# BERT4doc-Classification

**Repository Path**: hummingb1rd/BERT4doc-Classification

## Basic Information

- **Project Name**: BERT4doc-Classification
- **Description**: No description available
- **Primary Language**: Unknown
- **License**: Apache-2.0
- **Default Branch**: master
- **Homepage**: None
- **GVP Project**: No

## Statistics

- **Stars**: 1
- **Forks**: 0
- **Created**: 2020-10-14
- **Last Updated**: 2024-01-29

## Categories & Tags

**Categories**: Uncategorized

**Tags**: None

## README

# How to Fine-Tune BERT for Text Classification?

This is the code and source for the paper [How to Fine-Tune BERT for Text Classification?](https://arxiv.org/abs/1905.05583)

In this paper, we conduct exhaustive experiments to investigate different fine-tuning methods of BERT on text classification task and provide a general solution for BERT fine-tuning.


\*********** **update at Mar 14, 2020** \*************

Our checkpoint can be loaded in BertEmbedding from the latest [fastNLP](https://github.com/fastnlp/fastNLP) package.

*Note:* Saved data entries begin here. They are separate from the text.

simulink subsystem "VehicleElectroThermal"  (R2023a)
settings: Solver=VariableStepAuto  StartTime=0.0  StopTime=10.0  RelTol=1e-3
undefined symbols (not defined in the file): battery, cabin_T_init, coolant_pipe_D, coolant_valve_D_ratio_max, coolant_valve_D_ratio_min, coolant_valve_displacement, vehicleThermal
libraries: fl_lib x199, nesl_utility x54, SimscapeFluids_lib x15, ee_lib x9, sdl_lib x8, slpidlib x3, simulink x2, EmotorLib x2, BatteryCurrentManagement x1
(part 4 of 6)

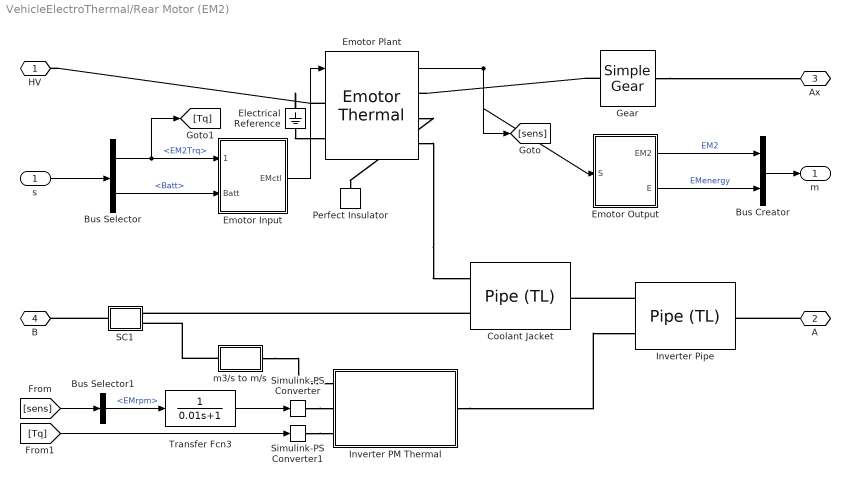
== system VehicleElectroThermal/Rear Motor (EM2) ==
  s : Inport
  Bus Creator : BusCreator  Inputs=2
  Bus Selector : BusSelector  OutputSignals=EM2Trq,Batt
  Bus Selector1 : BusSelector  OutputSignals=EMrpm
  Coolant Jacket : SimscapeFluids_lib/Thermal Liquid/Pipes & Fittings/Pipe (TL)  dynamic_compressibility=1  inertia=0  num_segments=1  pipe_length=0.4 m  cross_section_geometry=fluids.thermal_liquid.pipes_fittings.enum.CrossSectionGeometry.Custom  pipe_diameter=0.1 m  pipe_inner_diameter=0.05 m  pipe_outer_diameter=0.1 m  pipe_width=0.1 m  pipe_height=0.1 m  pipe_major_axis=0.1 m  pipe_minor_axis=0.05 m  pipe_side=0.1 m  pipe_angle=30 deg  area=4 * pi * vehicleThermal.coolant_channel_D^2 / 4 m^2  Dh=vehicleThermal.coolant_channel_D m  wall_spec=1  wall_compliance=1.2e-6 m/MPa  wall_time_constant=0.01 s  elevation_spec=foundation.enum.constant_variable.constant  elevation_gain=0 m  g=9.81 m/s^2  pressure_loss_spec=1  local_pressure_loss_spec=fluids.thermal_liquid.pipes_fittings.enum.LocalLossSpec.AggregateLength  length_add=20 * vehicleThermal.coolant_channel_D * 4 m  loss_coefficient=0.1  roughness_spec=fluids.thermal_liquid.pipes_fittings.enum.RoughnessSpec.Custom  roughness=1.5e-5 m  Re_friction_TLU=[ 400 1000 1.5e+3 3e+3 4e+3 6e+3 1e+4 2e+4 4e+4 6e+4 1e+5 1e+8 ]  friction_factor_TLU=[ 0.264 0.112 0.07099999999999999 0.0417 0.0387 0.0268 0.025 0.0232 0.0226 0.022 0.0214 0.0214 ]  shape_factor=64  Re_lam=100  Re_tur=500  mdot_nominal=[ 0.1 1 ] kg/s  p_diff_nominal=[ 0.001 0.01 ] MPa  mdot_threshold=1e-6 kg/s  heat_transfer_spec=4  mdot_nominal_heat=[ 0.1 1 ] kg/s  T_in_nominal=[ 293.15 293.15 ] K  T_out_nominal=[ 300 300 ] K  p_in_nominal_heat=[ 0.101325 0.101325 ] MPa  T_wall_nominal=[ 303.15 303.15 ] K  a_coeff=0.3  b_Re_power=0.8  c_Pr_power=0.33  Nu_lam=3.66  Re_Colburn_TLU=[ 100 150 1000 ]  Colburn_factor_TLU=[ 0.019 0.013 0.002 ]  Re_Nu_TLU=[ 100 150 1000 ]  Pr_Nu_TLU=[ 1 10 ]  Nu_TLU=[ 3.72 4.21; 3.75 4.44; 4.21 7.15 ]  p0_vec=vehicleThermal.coolant_p_init MPa  T0_vec=vehicleThermal.coolant_T_init K  mdot0=0.1 kg/s
  Electrical Reference : fl_lib/Electrical/Electrical Elements/Electrical Reference
  Emotor Input : Subsystem
  Emotor Output : Subsystem
  Emotor Plant : EmotorLib/Emotor Thermal  InitTemp=vehicleThermal.coolant_T_init  IronSpHeat=electricDrive.IronSpHeat  CopperSpHeat=electricDrive.CopperSpHeat  IronThConductivity=electricDrive.IronThConductivity  GrossToothMass=electricDrive.MotorThermal.GrossToothMass  WindingMass=electricDrive.MotorThermal.WindingMass  max_torque=electricDrive.max_torque  max_power=electricDrive.max_power  Tctc=electricDrive.Tctc  spMat=electricDrive.motor_loss_map.spMat  tqMat=electricDrive.motor_loss_map.tqMat  lossMat=electricDrive.motor_loss_map.lossMat  StatorBackIronMass=electricDrive.MotorThermal.StatorBackIronMass  StatorRootDia=electricDrive.MotorThermal.StatorRootDia  stator_od=electricDrive.MotorThermal.stator_od  StatorWindingOhArea=electricDrive.MotorThermal.StatorWindingOhArea  Bridgemass=electricDrive.MotorThermal.Bridgemass  rotor_od=electricDrive.MotorThermal.rotor_od  rotorStackLength=electricDrive.MotorThermal.rotorStackLength  RotorBackIronMass=electricDrive.MotorThermal.RotorBackIronMass  RotorAreaER=electricDrive.MotorThermal.RotorAreaER  RotorAreaCyl=electricDrive.MotorThermal.RotorAreaCyl
  Gear : sdl_lib/Gears/Simple Gear  ratio=10/3  rotation_direction=sdl.enum.shaftOutputDirection.same  friction_model=sdl.enum.gear_efficiencies_load.off  T_noload=0.1 N*m  T_nom=5 N*m  efficiency_nom=0.8  efficiency=0.8  temperature_TLU=[280, 300, 320] K  load_TLU=[1, 5, 10] N*m  efficiency_TLU=[.95, .9, .85]  efficiency_TLU2=[.85, .8, .75; .95, .9, .85; .85, .8, .7]  w_thr=0.01 rad/s  pwr_thr=0.001 W  enable_backlash=false  hardstop_model=simscape.enum.hardstop.smooth  backlash_distance=1e-3 mm  r_base=0.1 m  transition=1e-4 mm  backlash_stiffness=1e7 N/m  backlash_damping=1e6 N*s/m  coeff_rest=0  v_tol=0.001 m/s  f_tol=0 N  mu_visc=[0, 0] N*m*s/rad  enable_faults=simscape.enum.onoff.off  efficiency_fault=0.05  external_fault=simscape.enum.onoff.off  temporal_fault=simscape.enum.onoff.off  fault_time=5 s  fault_angles=pi / 12 rad  report_fault=simscape.enum.assert.action.none  thermal_mass=50 J/K  temperature_specify=off  temperature_priority=High  temperature=300 K  temperature_nominal_specify=off  temperature_nominal_unit=K  temperature_nominal_value=1  x_backlash_specify=off  x_backlash_priority=None  x_backlash=0 mm  x_backlash_nominal_specify=off  x_backlash_nominal_unit=mm  x_backlash_nominal_value=1  f_hardstop_specify=off  f_hardstop_priority=None  f_hardstop=0 N  f_hardstop_nominal_specify=off  f_hardstop_nominal_unit=N  f_hardstop_nominal_value=1  v_backlash_specify=off  v_backlash_priority=None  v_backlash=0 m/s  v_backlash_nominal_specify=off  v_backlash_nominal_unit=m/s  v_backlash_nominal_value=1
  Inverter PM Thermal : Subsystem
  Inverter Pipe : SimscapeFluids_lib/Thermal Liquid/Pipes & Fittings/Pipe (TL)  dynamic_compressibility=1  inertia=0  num_segments=1  pipe_length=0.4 m  cross_section_geometry=fluids.thermal_liquid.pipes_fittings.enum.CrossSectionGeometry.Custom  pipe_diameter=0.1 m  pipe_inner_diameter=0.05 m  pipe_outer_diameter=0.1 m  pipe_width=0.1 m  pipe_height=0.1 m  pipe_major_axis=0.1 m  pipe_minor_axis=0.05 m  pipe_side=0.1 m  pipe_angle=30 deg  area=4 * pi * vehicleThermal.coolant_channel_D^2 / 4 m^2  Dh=vehicleThermal.coolant_channel_D m  wall_spec=1  wall_compliance=1.2e-6 m/MPa  wall_time_constant=0.01 s  elevation_spec=foundation.enum.constant_variable.constant  elevation_gain=0 m  g=9.81 m/s^2  pressure_loss_spec=1  local_pressure_loss_spec=fluids.thermal_liquid.pipes_fittings.enum.LocalLossSpec.AggregateLength  length_add=20 * vehicleThermal.coolant_channel_D * 4 m  loss_coefficient=0.1  roughness_spec=fluids.thermal_liquid.pipes_fittings.enum.RoughnessSpec.Custom  roughness=1.5e-5 m  Re_friction_TLU=[ 400 1000 1.5e+3 3e+3 4e+3 6e+3 1e+4 2e+4 4e+4 6e+4 1e+5 1e+8 ]  friction_factor_TLU=[ 0.264 0.112 0.07099999999999999 0.0417 0.0387 0.0268 0.025 0.0232 0.0226 0.022 0.0214 0.0214 ]  shape_factor=64  Re_lam=100  Re_tur=500  mdot_nominal=[ 0.1 1 ] kg/s  p_diff_nominal=[ 0.001 0.01 ] MPa  mdot_threshold=1e-6 kg/s  heat_transfer_spec=4  mdot_nominal_heat=[ 0.1 1 ] kg/s  T_in_nominal=[ 293.15 293.15 ] K  T_out_nominal=[ 300 300 ] K  p_in_nominal_heat=[ 0.101325 0.101325 ] MPa  T_wall_nominal=[ 303.15 303.15 ] K  a_coeff=0.3  b_Re_power=0.8  c_Pr_power=0.33  Nu_lam=3.66  Re_Colburn_TLU=[ 100 150 1000 ]  Colburn_factor_TLU=[ 0.019 0.013 0.002 ]  Re_Nu_TLU=[ 100 150 1000 ]  Pr_Nu_TLU=[ 1 10 ]  Nu_TLU=[ 3.72 4.21; 3.75 4.44; 4.21 7.15 ]  p0_vec=vehicleThermal.coolant_p_init MPa  T0_vec=vehicleThermal.coolant_T_init K  mdot0=0.1 kg/s
  Perfect Insulator : fl_lib/Thermal/Thermal Elements/Perfect Insulator  T_specify=off  T_priority=None  T=293.15 K  T_nominal_specify=off  T_nominal_unit=K  T_nominal_value=1
  SC1 : Subsystem
      mask Display: disp(get_param(gcb, 'Name'))
  Simulink-PS Converter : nesl_utility/Simulink-PS Converter  PhysicalDomain=network_engine_domain  SubClassName=ps_input  LeftPortType=input  RightPortType=output  PseudoPeriodic=off  Frequencies=[]  NoiseDistribution=none  NoiseParameters=[]  Unit=rpm  AffineConversion=off  FilteringAndDerivatives=provide  SimscapeFilterOrder=1  InputFilterTimeConstant=0.001  UdotUserProvided=0
  Simulink-PS Converter1 : nesl_utility/Simulink-PS Converter  PhysicalDomain=network_engine_domain  SubClassName=ps_input  LeftPortType=input  RightPortType=output  PseudoPeriodic=off  Frequencies=[]  NoiseDistribution=none  NoiseParameters=[]  Unit=N*m  AffineConversion=off  FilteringAndDerivatives=provide  SimscapeFilterOrder=1  InputFilterTimeConstant=0.001  UdotUserProvided=0
  Transfer Fcn3 : TransferFcn  Denominator=[0.01 1]
  m3/s to m/s : Subsystem
  HV : PMIOPort  Side=Left
  A : PMIOPort  Port=2  Side=Left
  Ax : PMIOPort  Port=3  Side=Right
  B : PMIOPort  Port=4  Side=Right
  m : Outport
  wires:
  Transfer Fcn3/1 -> Simulink-PS Converter/1
  Bus Selector1/1 -> Transfer Fcn3/1  "<EMrpm>"
  [sens] -> Bus Selector1/1
  [Tq] -> Simulink-PS Converter1/1
  s/1 -> Bus Selector/1
  Emotor Output/2(E) -> Bus Creator/2  "EMenergy"
  Emotor Output/1(EM2) -> Bus Creator/1  "EM2"
  Bus Creator/1 -> m/1
  Emotor Input/1(EMctl) -> Emotor Plant/1
  Emotor Plant/1 -> [sens], Emotor Output/1(S)
  Bus Selector/2 -> Emotor Input/2(" Batt")  "<Batt>"
  Bus Selector/1 -> Emotor Input/1(TrqCmd), [Tq]  "<EM2Trq>"
  connections:
  Electrical Reference/LConn1 -- Emotor Plant/LConn2
  Gear/RConn1 -- Ax/RConn1
  Emotor Plant/RConn2 -- Perfect Insulator/LConn1
  Simulink-PS Converter/RConn1 -- Inverter PM Thermal/LConn2
  m3/s to m/s/LConn1 -- SC1/RConn2
  Emotor Plant/RConn3 -- Coolant Jacket/LConn2
  A/RConn1 -- Inverter Pipe/RConn1
  Coolant Jacket/LConn1 -- SC1/RConn1
  Inverter PM Thermal/RConn1 -- Inverter Pipe/LConn2
  SC1/LConn1 -- B/RConn1
  Simulink-PS Converter1/RConn1 -- Inverter PM Thermal/LConn3
  m3/s to m/s/RConn1 -- Inverter PM Thermal/LConn1
  Inverter Pipe/LConn1 -- Coolant Jacket/RConn1
  Emotor Plant/LConn1 -- HV/RConn1
  Gear/LConn1 -- Emotor Plant/RConn1

== system VehicleElectroThermal/Battery Pump/Pump Demand ==
  No current : fl_lib/Physical Signals/Sources/PS Constant  constant=0 A
  PS Abs : fl_lib/Physical Signals/Nonlinear Operators/PS Abs
      settings: InternalSimscapePortConfiguration="{\"Bottom\":[],\"Left\":[{\"id\":\"I\",\"label\":\"\",\"type\":\"input\"}],\"Right\":[{\"id\":\"O\",\"label\":\"\",\"type\":\"output\"}],\"Top\":[]}"
  PS Divide : fl_lib/Physical Signals/Functions/PS Divide
  PS Product : fl_lib/Physical Signals/Functions/PS Product
  PS Switch : fl_lib/Physical Signals/Nonlinear Operators/PS Switch  Threshold=0.5
      settings: InternalSimscapePortConfiguration="{\"Bottom\":[],\"Left\":[{\"id\":\"I1\",\"label\":\"\",\"type\":\"input\"},{\"id\":\"I2\",\"label\":\"\",\"type\":\"input\"},{\"id\":\"I3\",\"label\":\"\",\"type\":\"input\"}],\"Right\":[{\"id\":\"O\",\"label\":\"\",\"type\":\"output\"}],\"Top\":[]}"
  PS Switch1 : fl_lib/Physical Signals/Nonlinear Operators/PS Switch  Threshold=0.5
      settings: InternalSimscapePortConfiguration="{\"Bottom\":[],\"Left\":[{\"id\":\"I1\",\"label\":\"\",\"type\":\"input\"},{\"id\":\"I2\",\"label\":\"\",\"type\":\"input\"},{\"id\":\"I3\",\"label\":\"\",\"type\":\"input\"}],\"Right\":[{\"id\":\"O\",\"label\":\"\",\"type\":\"output\"}],\"Top\":[]}"
  Zero Divide Protection : fl_lib/Physical Signals/Sources/PS Constant  constant=1 V
  BatSt : PMIOPort  Side=Left
  Volt : PMIOPort  Port=2  Side=Left
  Q : PMIOPort  Port=3  Side=Left
  P : PMIOPort  Port=4  Side=Left
  I : PMIOPort  Port=5  Side=Right
  connections:
  PS Product/LConn2 -- PS Abs/RConn1
  Zero Divide Protection/RConn1 -- PS Switch1/LConn3
  PS Switch1/RConn1 -- PS Divide/LConn2
  PS Abs/LConn1 -- P/RConn1
  Q/RConn1 -- PS Product/LConn1
  PS Divide/LConn1 -- PS Product/RConn1
  PS Switch/RConn1 -- I/RConn1
  PS Switch1/LConn2 -- PS Switch/LConn2 -- BatSt/RConn1
  PS Switch/LConn1 -- PS Divide/RConn1
  PS Switch1/LConn1 -- Volt/RConn1
  No current/RConn1 -- PS Switch/LConn3

== system VehicleElectroThermal/Battery Pump/current sensing1 ==
  Current Sensor : fl_lib/Electrical/Electrical Sensors/Current Sensor
  PS-Simulink Converter : nesl_utility/PS-Simulink Converter  PhysicalDomain=network_engine_domain  SubClassName=ps_output  LeftPortType=input  RightPortType=output  PseudoPeriodic=off  Frequencies=[]  VectorFormat=inherit  Unit=inherit  AffineConversion=off
  "  " : PMIOPort  Side=Left
  " " : PMIOPort  Port=2  Side=Right
  "   " : Outport
  wires:
  PS-Simulink Converter/1 -> "   "/1
  connections:
  Current Sensor/RConn2 -- " "/RConn1
  Current Sensor/LConn1 -- "  "/RConn1
  PS-Simulink Converter/LConn1 -- Current Sensor/RConn1

== system VehicleElectroThermal/Chiller/Chiller Subsystem ==
  BattSt : Inport
  ThCtrl : Inport  Port=2
  Chiller Demand : Subsystem
  Compare To Constant : simulink/Logic and Bit Operations/Compare To Constant  relop=>  const=0  OutDataTypeStr=boolean
  Constant1 : Constant  Value=0
  Constant2 : Constant
  Max Power [W] : Gain  Gain=-vehicleThermal.chillerMaxPower
  Product : Product
  Simulink-PS Converter : nesl_utility/Simulink-PS Converter  PhysicalDomain=network_engine_domain  SubClassName=ps_input  LeftPortType=input  RightPortType=output  PseudoPeriodic=off  Frequencies=[]  NoiseDistribution=none  NoiseParameters=[]  Unit=W  AffineConversion=off  FilteringAndDerivatives=provide  SimscapeFilterOrder=1  InputFilterTimeConstant=0.001  UdotUserProvided=0
  Simulink-PS Converter2 : nesl_utility/Simulink-PS Converter  PhysicalDomain=network_engine_domain  SubClassName=ps_input  LeftPortType=input  RightPortType=output  PseudoPeriodic=off  Frequencies=[]  NoiseDistribution=none  NoiseParameters=[]  Unit=1  AffineConversion=off  FilteringAndDerivatives=provide  SimscapeFilterOrder=1  InputFilterTimeConstant=0.001  UdotUserProvided=0
  Switch : Switch  Criteria=u2 > Threshold  SaturateOnIntegerOverflow=off  InputSameDT=off
  Transfer Fcn : TransferFcn  Denominator=[1 1]
  V : PMIOPort  Side=Left
  I : PMIOPort  Port=2  Side=Right
  output : PMIOPort  Port=3  Side=Right
  wires:
  Constant1/1 -> Switch/1
  Constant2/1 -> Switch/3
  Compare To Constant/1 -> Product/1
  Product/1 -> Simulink-PS Converter/1
  BattSt/1 -> Simulink-PS Converter2/1, Compare To Constant/1
  Transfer Fcn/1 -> Max Power [W]/1
  ThCtrl/1 -> Switch/2
  Switch/1 -> Transfer Fcn/1
  Max Power [W]/1 -> Product/2
  connections:
  Chiller Demand/RConn1 -- I/RConn1
  Chiller Demand/LConn2 -- Simulink-PS Converter2/RConn1
  Chiller Demand/LConn1 -- V/RConn1
  Chiller Demand/LConn3 -- output/RConn1 -- Simulink-PS Converter/RConn1

== system VehicleElectroThermal/Chiller/current sensing1 ==
  Current Sensor : fl_lib/Electrical/Electrical Sensors/Current Sensor
  PS-Simulink Converter : nesl_utility/PS-Simulink Converter  PhysicalDomain=network_engine_domain  SubClassName=ps_output  LeftPortType=input  RightPortType=output  PseudoPeriodic=off  Frequencies=[]  VectorFormat=inherit  Unit=inherit  AffineConversion=off
  "  " : PMIOPort  Side=Left
  " " : PMIOPort  Port=2  Side=Right
  "   " : Outport
  wires:
  PS-Simulink Converter/1 -> "   "/1
  connections:
  Current Sensor/RConn2 -- " "/RConn1
  Current Sensor/LConn1 -- "  "/RConn1
  PS-Simulink Converter/LConn1 -- Current Sensor/RConn1

== system VehicleElectroThermal/Chiller Bypass Valve/Valve Control ==
  ThCtrl : Inport
  Bias : Bias  Bias=-1  SaturateOnIntegerOverflow=off
  Gain : Gain  Gain=2
  Max Valve Displacement [m] : Gain  Gain=vehicleThermal.coolant_valve_displacement
  Simulink-PS Converter : nesl_utility/Simulink-PS Converter  PhysicalDomain=network_engine_domain  SubClassName=ps_input  LeftPortType=input  RightPortType=output  PseudoPeriodic=off  Frequencies=[]  NoiseDistribution=none  NoiseParameters=[]  Unit=m  AffineConversion=off  FilteringAndDerivatives=provide  SimscapeFilterOrder=1  InputFilterTimeConstant=0.001  UdotUserProvided=0
  Transfer Fcn : TransferFcn  Denominator=[1 1]
  Disp : PMIOPort  Side=Right
  wires:
  Transfer Fcn/1 -> Gain/1
  ThCtrl/1 -> Transfer Fcn/1
  Max Valve Displacement [m]/1 -> Simulink-PS Converter/1
  Bias/1 -> Max Valve Displacement [m]/1
  Gain/1 -> Bias/1
  connections:
  Simulink-PS Converter/RConn1 -- Disp/RConn1

== system VehicleElectroThermal/Front Motor (EM1)/Emotor Input ==
  "Tq  " : Inport
  "Batt " : Inport  Port=2
  Bus Creator : BusCreator  Inputs=3
  Bus Selector3 : BusSelector  OutputSignals=Relay.RelayDchg,BattSensor.BatVolt
  Constant : Constant
  Constant1 : Constant  Value=0
  Gain : Gain
  Switch : Switch  Criteria=u2 > Threshold  SaturateOnIntegerOverflow=off  InputSameDT=off
  EMctl : Outport
  wires:
  Gain/1 -> Bus Creator/3  "BatVolt"
  Bus Selector3/2 -> Gain/1  "<BatVolt>"
  Bus Creator/1 -> EMctl/1
  "Batt "/1 -> Bus Selector3/1
  Bus Selector3/1 -> Switch/2  "<RelayDchg>"
  Constant/1 -> Switch/3
  Constant1/1 -> Switch/1
  Switch/1 -> Bus Creator/2  "fault"
  "Tq  "/1 -> Bus Creator/1  "EMtrq"

== system VehicleElectroThermal/Front Motor (EM1)/Emotor Output ==
  S : Inport
  Bus Selector1 : BusSelector  OutputSignals=Current,Volt
  Constant : Constant  Value=3600
  Divide : Product  Inputs=*/
  Integrator : Integrator
  Product : Product
  EM : Outport
  E : Outport  Port=2
  wires:
  Bus Selector1/1 -> Product/1  "<Current>"
  Bus Selector1/2 -> Product/2  "<Volt>"
  S/1 -> Bus Selector1/1, EM/1  "EMsensor"
  Product/1 -> Integrator/1
  Integrator/1 -> Divide/1
  Constant/1 -> Divide/2
  Divide/1 -> E/1  "EMenergy"

== system VehicleElectroThermal/Front Motor (EM1)/Inverter PM Thermal ==
  IGBTlossTable : fl_lib/Physical Signals/Lookup Tables/PS Lookup Table (3D)  x1=electricDrive.motor_loss_map.spMat rpm  x2=electricDrive.motor_loss_map.tqMat N*m  x3=[25,125, 175]+273.15 K  f=electricDrive.inverter_loss_map.lossMatIgbt  interp_method=simscape.enum.interpolation.linear  extrap_method=simscape.enum.extrapolation.linear
      settings: InternalSimscapePortConfiguration="{\"Bottom\":[],\"Left\":[{\"id\":\"I1\",\"label\":\"x1\",\"type\":\"input\"},{\"id\":\"I2\",\"label\":\"x2\",\"type\":\"input\"},{\"id\":\"I3\",\"label\":\"x3\",\"type\":\"input\"}],\"Right\":[{\"id\":\"O\",\"label\":\"f\",\"type\":\"output\"}],\"Top\":[]}"
  PM Cauer thermall : Subsystem
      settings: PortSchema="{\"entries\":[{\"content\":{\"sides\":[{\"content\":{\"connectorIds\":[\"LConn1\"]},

[Link to](https://github.com/fastnlp/fastNLP/blob/master/fastNLP/embeddings/bert_embedding.py) fastNLP.embeddings.BertEmbedding

## Requirements

For further pre-training, we borrow some code from Google BERT. Thus, we need:

+ tensorflow==1.1x
+ spacy
+ pandas
+ numpy

For fine-tuning, we borrow some codes from pytorch-pretrained-bert package (now well known as transformers). Thus, we need:

+ torch>=0.4.1,<=1.2.0


## Run the code

### 1) Prepare the data set:

#### Sogou News

We determine the category of the news based on the URL, such as “sports” corresponding
to “http://sports.sohu.com”. We choose 6 categories
– “sports”, “house”, “business”, “entertainment”,
“women” and “technology”. The number
of training samples selected for each class is 9,000
and testing 1,000.

Data is available at [here](https://drive.google.com/drive/folders/1Rbi0tnvsQrsHvT_353pMdIbRwDlLhfwM).

#### The rest data sets

The rest data sets were built by [Zhang et al. (2015)](https://papers.nips.cc/paper/5782-character-level-convolutional-networks-for-text-classification.pdf).
We download from [URL](https://drive.google.com/drive/u/0/folders/0Bz8a_Dbh9Qhbfll6bVpmNUtUcFdjYmF2SEpmZUZUcVNiMUw1TWN6RDV3a0JHT3kxLVhVR2M) created by Xiang Zhang.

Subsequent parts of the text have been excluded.